PROBLEM DESCRIPTION: Find the word "Align" in the records below. List each line containing it.

Collected data
▶
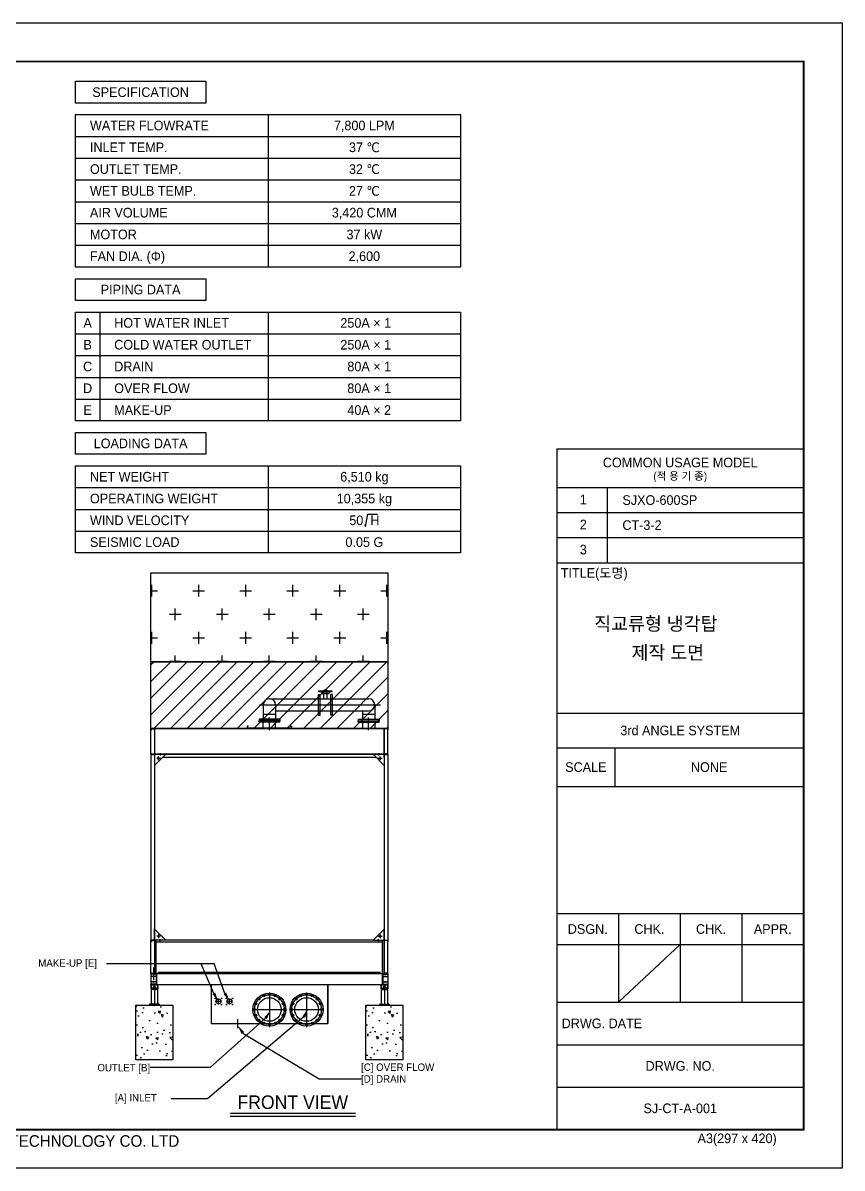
# Model space of a CAD drawing. Header units: millimetres. Extents: x 1037 to 22896, y 879 to 16337.
# Drawn here: x 11833 to 22896, y 879 to 16337 of the extents above; entities that cross this region are included whole.
import ezdxf
from ezdxf.enums import TextEntityAlignment as Align

# ---------------------------------------------------------------- set-up
doc = ezdxf.new("R2010")
doc.units = ezdxf.units.MM
doc.linetypes.add('CENTER', pattern=[65, 60, -2, 1, -2])
doc.linetypes.add('HIDDEN', pattern=[3, 2, -1])
doc.layers.get('DEFPOINTS').update_dxf_attribs({"color": 140})
for name, color, linetype in [('CENTER', 1, 'CENTER'), ('PIPE', 3, 'Continuous'), ('냉각탑_box', 1, 'Continuous'), ('냉각탑_dim', 1, 'Continuous'), ('냉각탑_form', 1, 'Continuous'), ('냉각탑_text', 3, 'Continuous'), ('냉각탑_기초', 23, 'Continuous'), ('숨은선', 5, 'HIDDEN')]:
    doc.layers.add(name, color=color, linetype=linetype)
doc.styles.add('돋움', font='Dotum.ttf', dxfattribs={"width": 0.8})

# ---------------------------------------------------------------- blocks, each defined once
blk = doc.blocks.new('냉각탑form')
at = {"layer": 'DEFPOINTS'}
blk.add_lwpolyline([(0, 297.07), (420.1, 297.07), (420.1, 0), (0, 0)], close=True, dxfattribs=at)
at = {"layer": '냉각탑_form'}
for p, q in [((346.08, 186.55), (346.08, 10)), ((346.08, 186.55), (410.1, 186.55)), ((346.08, 186.55), (410.1, 186.55)), ((346.08, 176.54), (410.1, 176.54)), ((359.09, 176.54), (359.09, 157.04)), ((346.08, 170.04), (410.1, 170.04)), ((346.08, 163.54), (410.1, 163.54)), ((346.08, 157.04), (410.1, 157.04)), ((346.08, 157.04), (410.1, 157.04)), ((346.08, 118.03), (410.1, 118.03)), ((346.08, 109.03), (410.1, 109.03)), ((361.09, 109.03), (361.09, 99.02)), ((346.08, 99.02), (410.1, 99.02)), ((346.08, 66.02), (410.1, 66.02)), ((362.09, 66.02), (362.09, 43.01)), ((378.09, 66.02), (378.09, 43.01)), ((394.1, 66.02), (394.1, 43.01)), ((346.08, 58.01), (410.1, 58.01)), ((378.09, 58.01), (362.09, 43.01)), ((346.08, 43.01), (410.1, 43.01)), ((346.08, 32.01), (410.1, 32.01)), ((346.08, 21.01), (410.1, 21.01))]:
    blk.add_line(p, q, dxfattribs=at)
at = {"layer": '냉각탑_form', "const_width": 0.5}
blk.add_lwpolyline([(10, 287.07), (10, 10), (410.1, 10), (410.1, 287.07)], close=True, dxfattribs=at)
at = {"layer": '냉각탑_form', "style": '돋움'}
for s, height, p in [('COMMON USAGE MODEL', 2.5006, (378.09, 183.04)), ('(적 용 기 종)', 2, (378.09, 179.54)), ('3rd ANGLE SYSTEM', 2.5006, (378.09, 113.53)), ('SCALE', 2.501, (353.59, 104.03)), ('DSGN.', 2.501, (354.09, 62.02)), ('CHK.', 2.501, (370.09, 62.02)), ('CHK.', 2.501, (386.09, 62.02)), ('APPR.', 2.501, (402.1, 62.02)), ('DRWG. NO.', 2.501, (378.09, 26.51))]:
    blk.add_text(s, height=height, dxfattribs=at).set_placement(p, align=Align.MIDDLE_CENTER)
for s, height, p in [('1', 2.5, (352.02, 172.2)), ('2', 2.5, (352.02, 165.7)), ('3', 2.5, (352.02, 159.2)), ('TITLE(도명)', 2.501, (347.09, 153.14)), ('DRWG. DATE', 2.501, (347.32, 36.29)), ('A3(297 x 420)', 2.5006, (382.58, 6.47)), ('SUNG JI AIR-CONDITIONING TECHNOLOGY CO. LTD', 3.0007, (149.5, 5.53))]:
    blk.add_text(s, height=height, dxfattribs=at).set_placement(p)
blk = doc.blocks.new('A$C300D4686')
for p, q in [((20, 53), (0, 53)), ((0, 53), (0, 23)), ((600, 23), (0, 23)), ((20, 51), (2, 51)), ((2, 51), (2, 25)), ((598, 25), (2, 25)), ((20, 53), (20, 51)), ((440, 127), (160, 127)), ((440, 105), (160, 105)), ((580, 53), (600, 53)), ((580, 53), (580, 51)), ((580, 53), (600, 53)), ((580, 53), (580, 51)), ((580, 51), (598, 51)), ((580, 51), (598, 51)), ((598, 51), (598, 25)), ((600, 53), (600, 23))]:
    blk.add_line(p, q)
at = {"color": 7}
for p, q in [((160, 105), (160, 127)), ((217, 25), (217, 105)), ((383, 25), (383, 105)), ((440, 105), (440, 127))]:
    blk.add_line(p, q, dxfattribs=at)
at = {"layer": 'CENTER'}
blk.add_line((300, 0), (300, 168), dxfattribs=at)
blk = doc.blocks.new('A$C5A11369F')
at = {"color": 7}
for p, q in [((0, 16), (150, 166)), ((150, 16), (150, 166)), ((0, 16), (150, 16))]:
    blk.add_line(p, q, dxfattribs=at)
blk.add_circle((96, 70), 10, dxfattribs=at)
at = {"layer": 'CENTER'}
for p, q in [((71, 70), (121, 70)), ((75, 0), (75, 30)), ((96, 96), (96, 44))]:
    blk.add_line(p, q, dxfattribs=at)
blk = doc.blocks.new('*U46')
at = {"color": 7}
blk.add_circle((0, 0), 12.5, dxfattribs=at)
blk = doc.blocks.new('*U47')
at = {"color": 0, "linetype": 'ByBlock', "lineweight": -2, "transparency": 16777216}
for p, rotation in [((549994, 126760), 22.49999999999999), ((550147, 126760), 337.4999999999999), ((549886, 126652), 67.5), ((549929, 126717), 45.00000000000001), ((550212, 126717), 315.0000000000001), ((550255, 126652), 292.5000000000001), ((549871, 126575), 90), ((549886, 126499), 112.5), ((549929, 126434), 135), ((550212, 126434), 225.0000000000001), ((550255, 126499), 247.5), ((550271, 126575), 270), ((549994, 126391), 157.5), ((550071, 126375), 180), ((550147, 126391), 202.5000000000001)]:
    blk.add_blockref('*U46', p, dxfattribs=dict(at, rotation=rotation))
blk.add_blockref('*U46', (550071, 126775), dxfattribs=at)
blk = doc.blocks.new('*U43')
at = {"color": 7}
blk.add_circle((0, 0), 12.5, dxfattribs=at)
blk = doc.blocks.new('*U45')
at = {"color": 0, "linetype": 'ByBlock', "lineweight": -2, "transparency": 16777216}
for p, rotation in [((549994, 126760), 22.49999999999999), ((550147, 126760), 337.4999999999999), ((549886, 126652), 67.5), ((549929, 126717), 45.00000000000001), ((550212, 126717), 315.0000000000001), ((550255, 126652), 292.5000000000001), ((549871, 126575), 90), ((549886, 126499), 112.5), ((549929, 126434), 135), ((550212, 126434), 225.0000000000001), ((550255, 126499), 247.5), ((550271, 126575), 270), ((549994, 126391), 157.5), ((550071, 126375), 180), ((550147, 126391), 202.5000000000001)]:
    blk.add_blockref('*U43', p, dxfattribs=dict(at, rotation=rotation))
blk.add_blockref('*U43', (550071, 126775), dxfattribs=at)
blk = doc.blocks.new('A$C6ABE2FCF')
for p, q in [((18, 284), (18, 231)), ((18, 284), (112, 284)), ((112, 281), (18, 281)), ((18, 268), (18, 271)), ((112, 231), (18, 231)), ((23, 281), (23, 236)), ((107, 236), (23, 236)), ((107, 218), (23, 218)), ((23, 218), (23, 23)), ((102, 284), (28, 284)), ((47, 246), (47, 236)), ((65, 236), (47, 236)), ((47, 228), (47, 218)), ((65, 218), (47, 218)), ((52, 249), (78, 249)), ((73, 236), (52, 236)), ((52, 231), (78, 231)), ((73, 218), (52, 218)), ((56, 246), (56, 236)), ((56, 228), (56, 218)), ((59, 249), (59, 263)), ((59, 249), (59, 263)), ((59, 263), (72, 263)), ((59, 218), (59, 231)), ((59, 231), (59, 218)), ((59, 218), (59, 231)), ((60, 263), (60, 249)), ((65, 236), (82, 236)), ((65, 236), (83, 236)), ((65, 218), (65, 23)), ((65, 218), (82, 218)), ((65, 218), (83, 218)), ((71, 263), (71, 249)), ((71, 218), (71, 231)), ((71, 231), (71, 218)), ((71, 218), (71, 231)), ((72, 249), (72, 263)), ((72, 249), (72, 263)), ((74, 246), (74, 236)), ((74, 228), (74, 218)), ((83, 246), (83, 236)), ((83, 228), (83, 218)), ((107, 281), (107, 236)), ((107, 218), (107, 23)), ((112, 268), (112, 284)), ((112, 268), (112, 231)), ((130, 23), (0, 23)), ((0, 23), (0, 9)), ((130, 9), (0, 9)), ((130, 23), (130, 9))]:
    blk.add_line(p, q)
for centre, radius, start, end in [((52, 245), 4.38, 17.2184, 162.7816), ((52, 227), 4.38, 17.2184, 162.7816), ((65, 234), 15, 90.4828, 127.3884), ((65, 216), 15, 90.4828, 127.3884), ((65, 234), 15, 52.6116, 89.5172), ((65, 216), 15, 52.6116, 89.5172), ((78, 245), 4.38, 17.2184, 162.7816), ((78, 227), 4.38, 17.2184, 162.7816)]:
    blk.add_arc(centre, radius, start, end)
at = {"layer": 'CENTER'}
for p, q in [((65, 279), (65, 0)), ((20, 39), (20, 0)), ((110, 39), (110, 0))]:
    blk.add_line(p, q, dxfattribs=at)

msp = doc.modelspace()

# ---------------------------------------------------------------- hatches: boundary and pattern name
h = msp.add_hatch()
h.set_pattern_fill('CROSS', scale=50)
h.set_pattern_definition([(0, (-409734.5, 1839059.4), (317.5, 317.5), [158.75, -476.25]), (90, (-409655.13, 1838980.03), (-317.5, 317.5), [158.75, -476.25])])
h.paths.add_polyline_path([(13562, 8914.3), (16762, 8914.3), (16762, 7714.3), (13562, 7714.3)])
h = msp.add_hatch()
h.set_pattern_fill('ANSI31', scale=50)
h.set_pattern_definition([(45, (-409734.5, 1842236.13), (-112.253202, 112.253202), [])])
h.paths.add_polyline_path([(13562, 7714.3), (16762, 7714.3), (16762, 6814.3), (13562, 6814.3)])
at = {"layer": '냉각탑_기초', "ltscale": 30}
h = msp.add_hatch(dxfattribs=at)
h.set_pattern_fill('AR-CONC', color=256, scale=50, angle=90, style=0)
h.set_pattern_definition([(140, (25720.23, -11749.2), (31.376, 358.63), [37.5, -412.5]), (85, (25720.23, -11749.2), (-376.096, -69.376), [30, -330]), (190.4514, (25722.85, -11719.33), (-344.72, 289.255), [31.87, -350.571]), (136.1842, (25620.23, -11749.2), (82.76, 533.621), [56.25, -618.75]), (186.6356, (25627.13, -11704.75), (-487.059, 467.331), [47.805, -525.856]), (81.1842, (25620.23, -11749.2), (-487.06, 467.331), [45, -495]), (111, (25645.23, -11699.2), (201.3094, 298.4535), [37.5, -412.5]), (56, (25645.23, -11699.2), (-362.575, 121.658), [30, -330]), (161.4514, (25662, -11674.34), (-161.265, 420.1113), [31.87, -350.571]), (127.5, (25720.23, -11749.21), (-166.4469, 6.0799), [0, -326, 0, -335, 0, -331.25]), (97.5, (25720.23, -11749.21), (-197.2059, 131.5348), [0, -191, 0, -318.5, 0, -126.25]), (57.5, (25720.23, -11860.71), (11.2774, 266.9112), [0, -125, 0, -390, 0, -517.5]), (47.5, (25720.23, -11910.71), (-50.0525, 291.593), [0, -162.5, 0, -259, 0, -367.5])])
h.paths.add_polyline_path([(13858.9, 3079.3), (13858.9, 2340.3), (13358.9, 2340.3), (13358.9, 3079.3)])
h = msp.add_hatch(dxfattribs=at)
h.set_pattern_fill('AR-CONC', color=256, scale=50, angle=90, style=0)
h.set_pattern_definition([(140, (28826.44, -11749.2), (31.376, 358.63), [37.5, -412.5]), (85, (28826.44, -11749.2), (-376.096, -69.376), [30, -330]), (190.4514, (28829.06, -11719.33), (-344.72, 289.255), [31.87, -350.571]), (136.1842, (28726.44, -11749.2), (82.76, 533.621), [56.25, -618.75]), (186.6356, (28733.34, -11704.75), (-487.059, 467.331), [47.805, -525.856]), (81.1842, (28726.44, -11749.2), (-487.06, 467.331), [45, -495]), (111, (28751.44, -11699.2), (201.3094, 298.4535), [37.5, -412.5]), (56, (28751.44, -11699.2), (-362.575, 121.658), [30, -330]), (161.4514, (28768.22, -11674.34), (-161.265, 420.1113), [31.87, -350.571]), (127.5, (28826.44, -11749.21), (-166.4469, 6.0799), [0, -326, 0, -335, 0, -331.25]), (97.5, (28826.44, -11749.21), (-197.2059, 131.5348), [0, -191, 0, -318.5, 0, -126.25]), (57.5, (28826.44, -11860.71), (11.2774, 266.9112), [0, -125, 0, -390, 0, -517.5]), (47.5, (28826.44, -11910.71), (-50.0525, 291.593), [0, -162.5, 0, -259, 0, -367.5])])
h.paths.add_polyline_path([(16965.1, 3079.3), (16965.1, 2340.3), (16465.1, 2340.3), (16465.1, 3079.3)])

# ---------------------------------------------------------------- linework, layer by layer
at = {"color": 2}
for p, q in [((15823.5, 6992.5), (15823.5, 7272.5)), ((15823.5, 7272.5), (15845.5, 7272.5)), ((15830.7, 7307.3), (15830.7, 7320.4)), ((15830.7, 7320.4), (16005.4, 7320.4)), ((15830.7, 7307.3), (15830.7, 7320.4)), ((15830.7, 7320.4), (16005.4, 7320.4)), ((16005.4, 7307.3), (15830.7, 7307.3)), ((16005.4, 7307.3), (15830.7, 7307.3)), ((15845.5, 6992.5), (15845.5, 7272.5)), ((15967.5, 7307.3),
◀
REPLY TO THE TASK:
from ezdxf.enums import TextEntityAlignment as Align
    blk.add_text(s, height=height, dxfattribs=at).set_placement(p, align=Align.MIDDLE_CENTER)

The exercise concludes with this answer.